Species of ant endemic to Australia

Melophorus bagoti, the red honey ant, is an Australian species of desert ant in the subfamily Formicinae.

==Distribution and habitat==
Widespread in arid Central Australia, the species inhabits low-shrub and grassland deserts, where it builds fairly large underground nests.

==Foraging and feeding habits==
The outdoor activity is mainly restricted to the hotter summer months, when the ants are active during the heat of the day.

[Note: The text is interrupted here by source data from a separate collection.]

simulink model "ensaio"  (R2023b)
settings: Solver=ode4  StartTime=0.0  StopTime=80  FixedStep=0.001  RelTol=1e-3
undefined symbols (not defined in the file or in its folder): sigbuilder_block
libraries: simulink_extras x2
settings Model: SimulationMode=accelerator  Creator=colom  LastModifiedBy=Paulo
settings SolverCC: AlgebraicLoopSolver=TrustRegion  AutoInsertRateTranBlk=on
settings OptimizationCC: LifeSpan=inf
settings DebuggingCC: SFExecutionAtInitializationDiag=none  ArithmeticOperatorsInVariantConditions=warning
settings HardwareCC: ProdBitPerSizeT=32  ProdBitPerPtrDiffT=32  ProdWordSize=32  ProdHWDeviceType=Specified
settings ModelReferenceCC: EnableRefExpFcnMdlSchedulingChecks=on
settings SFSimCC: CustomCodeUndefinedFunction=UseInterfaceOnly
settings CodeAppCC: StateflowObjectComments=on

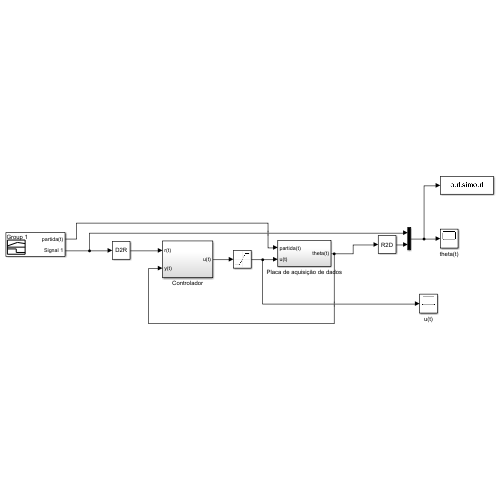
[thumbnail: Simulink's stored preview of the top-level diagram]
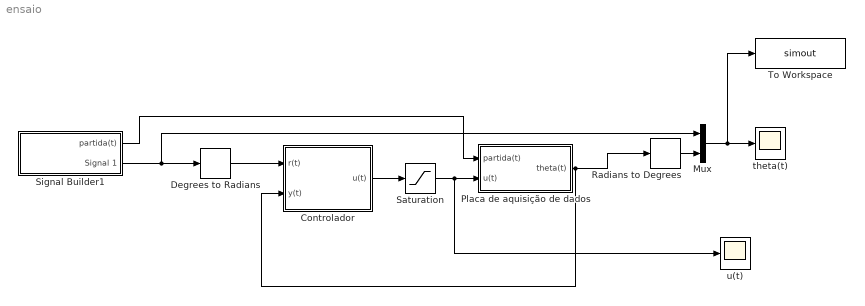
== system ensaio ==
  Controlador : Subsystem
  Degrees to Radians : simulink_extras/Transformations/Degrees to Radians
  Mux : Mux  Inputs=2
  Placa de aquisição de dados : Subsystem
  Radians to Degrees : simulink_extras/Transformations/Radians to Degrees
  Saturation : Saturate  UpperLimit=100  LowerLimit=0
  Signal Builder1 : Subsystem  Tag=STV Subsys  LoadFcn=sigbuilder_block('load');  StartFcn=sigbuilder_block('start');  StopFcn=sigbuilder_block('stop');  ClipboardFcn=sigbuilder_block('clipboard');  mask(Sigbuilder block){tuvar=[0:10]}
      mask help: Simulink:masks:SigbuilderBlock_MD
      mask init:
      | if ~strcmp(get_param(bdroot(gcbh),'SimulationStatus'),'stopped') tuvar = sigbuilder_block('maskInit'); end
      settings: CopyFcn=sigbuilder_block('copy');  DeleteFcn=sigbuilder_block('delete');  ModelCloseFcn=sigbuilder_block('modelClose');  PreSaveFcn=sigbuilder_block('preSave');  PauseFcn=sigbuilder_block('pause');  ContinueFcn=sigbuilder_block('continue');  NameChangeFcn=sigbuilder_block('namechange');  OpenFcn=sigbuilder_block('open',[5.4 36 1141.2 516.6 ]);  CloseFcn=sigbuilder_block('close');
      mask Display: plot(0, 0, 100, 100,[2, 2, 32, 32, 2], [68, 8, 8, 68, 68],[32, 2], [38, 38], [32, 19, 2],[53, 60, 44], [32, 17, 17, 2],[16, 16, 31, 31]);txt = getActiveGroup(gcbh);text(2, 100, txt,'verticalAlignment', 'top');
  To Workspace : ToWorkspace  VariableName=simout  SaveFormat=Timeseries  SampleTime=-1
  theta(t) : Scope
  u(t) : Scope
  wires:
  Signal Builder1/1(partida(t)) -> Placa de aquisição de dados/1(partida(t))
  Saturation/1 -> Placa de aquisição de dados/2(u(t)), u(t)/1
  Signal Builder1/2(Signal 1) -> Mux/1, Degrees to Radians/1
  Placa de aquisição de dados/1(theta(t)) -> Controlador/2(y(t)), Radians to Degrees/1
  Mux/1 -> To Workspace/1, theta(t)/1
  Radians to Degrees/1 -> Mux/2
  Degrees to Radians/1 -> Controlador/1(r(t))
  Controlador/1(u(t)) -> Saturation/1

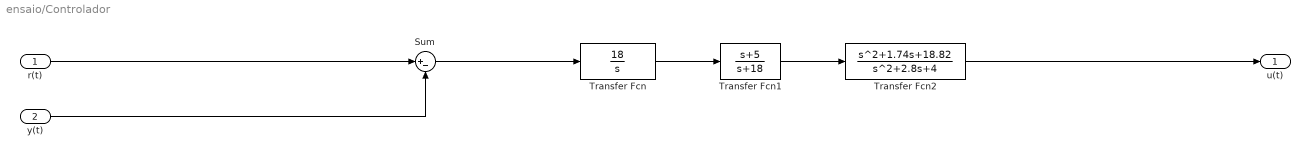
== system ensaio/Controlador ==
  r(t) : Inport
  y(t) : Inport  Port=2
  Sum : Sum  Inputs=|+-
  Transfer Fcn : TransferFcn  Numerator=[18]  Denominator=[1 0]
  Transfer Fcn1 : TransferFcn  Numerator=[1 5]  Denominator=[1 18]
  Transfer Fcn2 : TransferFcn  Numerator=[1 1.74 18.82]  Denominator=[1 2.8 4]
  u(t) : Outport  VectorParamsAs1DForOutWhenUnconnected=off
  wires:
  y(t)/1 -> Sum/2
  Transfer Fcn2/1 -> u(t)/1
  r(t)/1 -> Sum/1
  Transfer Fcn/1 -> Transfer Fcn1/1
  Transfer Fcn1/1 -> Transfer Fcn2/1
  Sum/1 -> Transfer Fcn/1

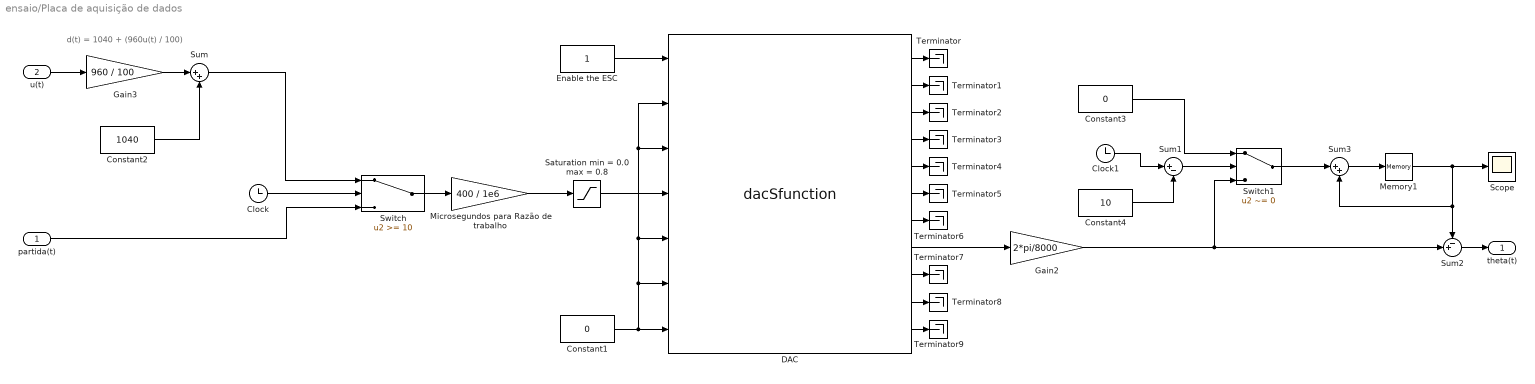
== system ensaio/Placa de aquisição de dados ==
  note: d(t) = 1040 + (960u(t) / 100)
  partida(t) : Inport
  u(t) : Inport  Port=2
  Clock : Clock
  Clock1 : Clock
  Constant1 : Constant  Value=0
  Constant2 : Constant  Value=1040
  Constant3 : Constant  Value=0
  Constant4 : Constant  Value=10
  DAC : S-Function  FunctionName=dacSfunction  Parameters=serialPort,sampleTime,gpioOutCh1FinalState,gpioOutCh2FinalState,gpioOutCh3FinalState,pwmFrequency,pwmCh1FinalDuty,pwmCh2FinalDuty,pwmCh3FinalDuty,pwmCh4FinalDuty,enc1Mode,enc1ResetCount,enc1Direction,enc1Quadrature,enc1Filter,enc2Mode,enc2ResetCount,enc2Direction,enc2Quadrature,enc2Filter,enc3Mode,enc3ResetCount,enc3Direction,enc3Quadrature,enc3Filter  SFunctionDeploymentMode=off  EnableBusSupport=off  mask{serialPort='COM3', sampleTime=10, gpioOutCh1FinalState=Low, gpioOutCh2FinalState=Low, gpioOutCh3FinalState=Low, pwmFrequency=400, pwmCh1FinalDuty=0, pwmCh2FinalDuty=0, pwmCh3FinalDuty=0, pwmCh4FinalDuty=0, enc1Mode=Counter, enc1Direction=Counter Clock Wise is positive, enc1Quadrature=High resolution, enc1Filter=15, enc1ResetCount=on, enc2Mode=Counter, enc2Direction=Counter Clock Wise is positive, enc2Quadrature=High resolution, enc2Filter=15, enc2ResetCount=off, enc3Mode=Counter, enc3Direction=Clock Wise is positive, enc3Quadrature=High resolution, enc3Filter=15, enc3ResetCount=off}
      mask prompts: serialPort "Serial port"; sampleTime "Sample time (ms)"; gpioOutCh1FinalState "Final state"; gpioOutCh2FinalState "Final state"; gpioOutCh3FinalState "Final state"; pwmFrequency "Frequency (Hz)"; pwmCh1FinalDuty "Final duty"; pwmCh2FinalDuty "Final duty"; pwmCh3FinalDuty "Final duty"; pwmCh4FinalDuty "Final duty"; enc1Mode "Mode"; enc1Direction "Direction"; enc1Quadrature "Resolution"; enc1Filter "Filter"; enc1ResetCount "Reset count"; enc2Mode "Mode"; enc2Direction "Direction"; enc2Quadrature "Resolution"; enc2Filter "Filter"; enc2ResetCount "Reset count"; enc3Mode "Mode"; enc3Direction "Direction"; enc3Quadrature "Resolution"; enc3Filter "Filter"; enc3ResetCount "Reset count"
      mask init:
      | % The first list item is initiated with 1 and not 0
      mask TypeOptions gpioOutCh1FinalState: Low | High
      mask TypeOptions gpioOutCh2FinalState: Low | High
      mask TypeOptions gpioOutCh3FinalState: Low | High
      mask TypeOptions enc1Mode: Counter | Time measurement
      mask TypeOptions enc1Direction: Counter Clock Wise is positive | Clock Wise is positive
      mask TypeOptions enc1Quadrature: Low resolution | High resolution
      mask TypeOptions enc2Mode: Counter | Time measurement
      mask TypeOptions enc2Direction: Counter Clock Wise is positive | Clock Wise is positive
      mask TypeOptions enc2Quadrature: Low resolution | High resolution
      mask TypeOptions enc3Mode: Counter | Time measurement
      mask TypeOptions enc3Direction: Counter Clock Wise is positive | Clock Wise is positive
      mask TypeOptions enc3Quadrature: Low resolution | High resolution
      mask DialogControl DescTextVar Prompt: %<MaskDescription> OpenDAC configuration
      mask DialogControl Container18 Prompt: General configuration
      mask DialogControl Container8 Prompt: GPIO Output
      mask DialogControl Container19 Prompt: Channel 1
      mask DialogControl Container22 Prompt: Channel 2
      mask DialogControl Container21 Prompt: Channel 3
      mask DialogControl Container6 Prompt: PWM
      mask DialogControl Container42 Prompt: General
      mask DialogControl Container43 Prompt: Channel 1
      mask DialogControl Container11 Prompt: Channel 2
      mask DialogControl Container12 Prompt: Channel 3
      mask DialogControl Container13 Prompt: Channel 4
      mask DialogControl Container4 Prompt: Encoders
      mask DialogControl Container35 Prompt: Encoder 1
      mask DialogControl Container36_copy Prompt: Encoder 2
      mask DialogControl Container36 Prompt: Encoder 3
      mask Display:
      | % Give names to the input ports
      | port_label('input', 1, 'Digital Out CH1 (PC15)');
      | port_label('input', 2, 'Digital Out CH2 (PC14)');
      | port_label('input', 3, 'Digital Out CH3 (PC13)');
      | port_label('input', 4, 'PWM CH1 (PB6)');
      | port_label('input', 5, 'PWM CH2 (PB7)');
      | port_label('input', 6, 'PWM CH3 (PB8)');
      | port_label('input', 7, 'PWM CH4 (PB9)');
      | 
      | % Give names to the output ports
      | port_label('output', 1, 'Digital In CH1 (PB12)');
      | port_label('output', 2, 'Digital In CH2 (PB13)');
      | port_label('output', 3, 'Digital In CH3 (PB14)');
      | port_label('output', 4, 'Analog In CH1 (PA0)');
      | port_label('output', 5, 'Analog In CH2 (PA1)');
      | port_label('output', 6, 'Analog In CH3 (PA4)');
      | port_label('output', 7, 'Analog In CH4 (PB0)');
      | port_label('output', 8, 'Encoder 1 (PA8/PA9)');
      | port_label('output', 9, 'Encoder 2 (PA15/PB3)');
      | port_label('output', 10, 'Encoder 3 (PB4/PB5)');
      | port_label('output', 11, 'Real Time Clock');
  Enable the ESC : Constant
  Gain2 : Gain  Gain=2*pi/8000
  Gain3 : Gain  Gain=960 / 100
  Memory1 : Memory
  Microsegundos para Razão de trabalho : Gain  Gain=400 / 1e6
  Saturation min = 0.0 max = 0.8 : Saturate  UpperLimit=0.8  LowerLimit=0.0
  Scope : Scope
  Sum : Sum  Inputs=|++
  Sum1 : Sum  Inputs=|+-
  Sum2 : Sum  Inputs=-+|
  Sum3 : Sum  Inputs=|++
  Switch : Switch  Threshold=10  SaturateOnIntegerOverflow=off  InputSameDT=off
  Switch1 : Switch  Criteria=u2 ~= 0  SaturateOnIntegerOverflow=off  InputSameDT=off
  Terminator{,1..9} (10 alike) : Terminator
  theta(t) : Outport  VectorParamsAs1DForOutWhenUnconnected=off
  wires:
  DAC/8 -> Gain2/1
  Constant1/1 -> DAC/3, DAC/2, DAC/5, DAC/6, DAC/7
  Enable the ESC/1 -> DAC/1
  Gain2/1 -> Switch1/3, Sum2/2
  Gain3/1 -> Sum/1
  Constant2/1 -> Sum/2
  DAC/2 -> Terminator1/1
  DAC/1 -> Terminator/1
  DAC/3 -> Terminator2/1
  DAC/4 -> Terminator3/1
  DAC/5 -> Terminator4/1
  DAC/6 -> Terminator5/1
  DAC/7 -> Terminator6/1
  DAC/9 -> Terminator7/1
  DAC/10 -> Terminator8/1
  DAC/11 -> Terminator9/1
  Saturation min = 0.0 max = 0.8/1 -> DAC/4
  u(t)/1 -> Gain3/1
  Microsegundos para Razão de trabalho/1 -> Saturation min = 0.0 max = 0.8/1
  Switch/1 -> Microsegundos para Razão de trabalho/1
  Clock/1 -> Switch/2
  Sum/1 -> Switch/1
  partida(t)/1 -> Switch/3
  Sum2/1 -> theta(t)/1
  Memory1/1 -> Sum3/2, Sum2/1, Scope/1
  Switch1/1 -> Sum3/1
  Sum3/1 -> Memory1/1
  Constant3/1 -> Switch1/1
  Clock1/1 -> Sum1/1
  Constant4/1 -> Sum1/2
  Sum1/1 -> Switch1/2

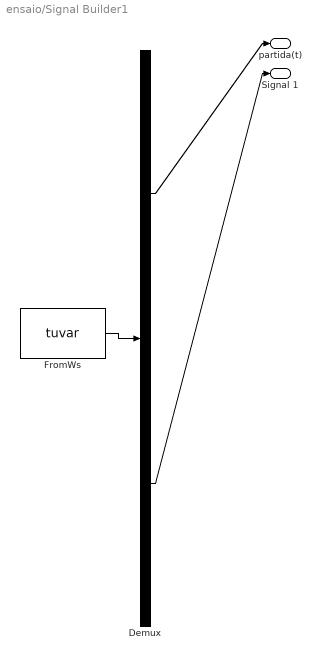
== system ensaio/Signal Builder1 ==
  Demux : Demux  Tag=STV Demux  Outputs=2
      settings: DisplayOption=none
  FromWs : FromWorkspace  Tag=STV FromWs  VariableName=tuvar
      SigBuilderData=|
      | common.afterFinalStr = 'Extrapolate'
      | common.sampleTime = 0
      | dataSet.timeRange = [0 80]
      | dataSet.name = 'Group 1'
      | sbobj.Groups.Name = 'Group 1'
      | sbobj.Groups.Signals(1).Name = 'partida(t)'
      | sbobj.Groups.Signals(1).XData = [0 0.5 0.5 2.5 2.5 6.5 6.5 10 10 15 16 17 18 19 80]
      | sbobj.Groups.Signals(1).YData = [0 0 2000 2000 2 0 1040 1040 4 0 0 0 0 0 0]
      | sbobj.Groups.Signals(2).Name = 'Signal 1'
      | sbobj.Groups.Signals(2).XData = [0 10 15 20 30 30 36 39 47 52 72 73 74 75 76 77 78 79 80]
      | sbobj.Groups.Signals(2).YData = [0 0 15 30 30 35 35 35 35 35 0 0 0 0 0 0 0 0 0]
      | sbobj.Groups.TimeRange = [0 80]
  partida(t) : Outport  Tag=STV Outport  VectorParamsAs1DForOutWhenUnconnected=off
  Signal 1 : Outport  Tag=STV Outport  Port=2  VectorParamsAs1DForOutWhenUnconnected=off
  wires:
  FromWs/1 -> Demux/1
  Demux/1 -> partida(t)/1
  Demux/2 -> Signal 1/1

Foragers usually begin their activity at soil surface temperatures of about 50 °C and continue to forage when soil temperatures are above 70 °C. They forage solitarily for food such as dead insects, seeds, and sugary plant exudates and are well known for their ability to store liquids in the abdomens of specialized workers, the so-called repletes or "honey pots", hence their common name "red honey ant" (the genus name Melophorus means "honey carrier").

==Colony founding==
Nest relocation is possibly aided by trail laying behavior, which is highly unusual for solitary foraging desert ants. The founding stage of an ant colony is usually characterized by the same sequence of events. Reproduction occurs in synchronized mating flights, which are probably triggered by rain. The virgin queen leaves the nest in a mating flight and is inseminated by one or several males, and there is circumstantial evidence that males are chemically attracted to queens. She then looks for a new nest site and starts excavating a small nest, where she lays eggs and rears a small brood. The queens found new colonies independently and without the help of other queens or workers; this mode of colony founding is common in formicine ants. However, nothing is known about the number of queens in later colony stages or other populations of M. bagoti.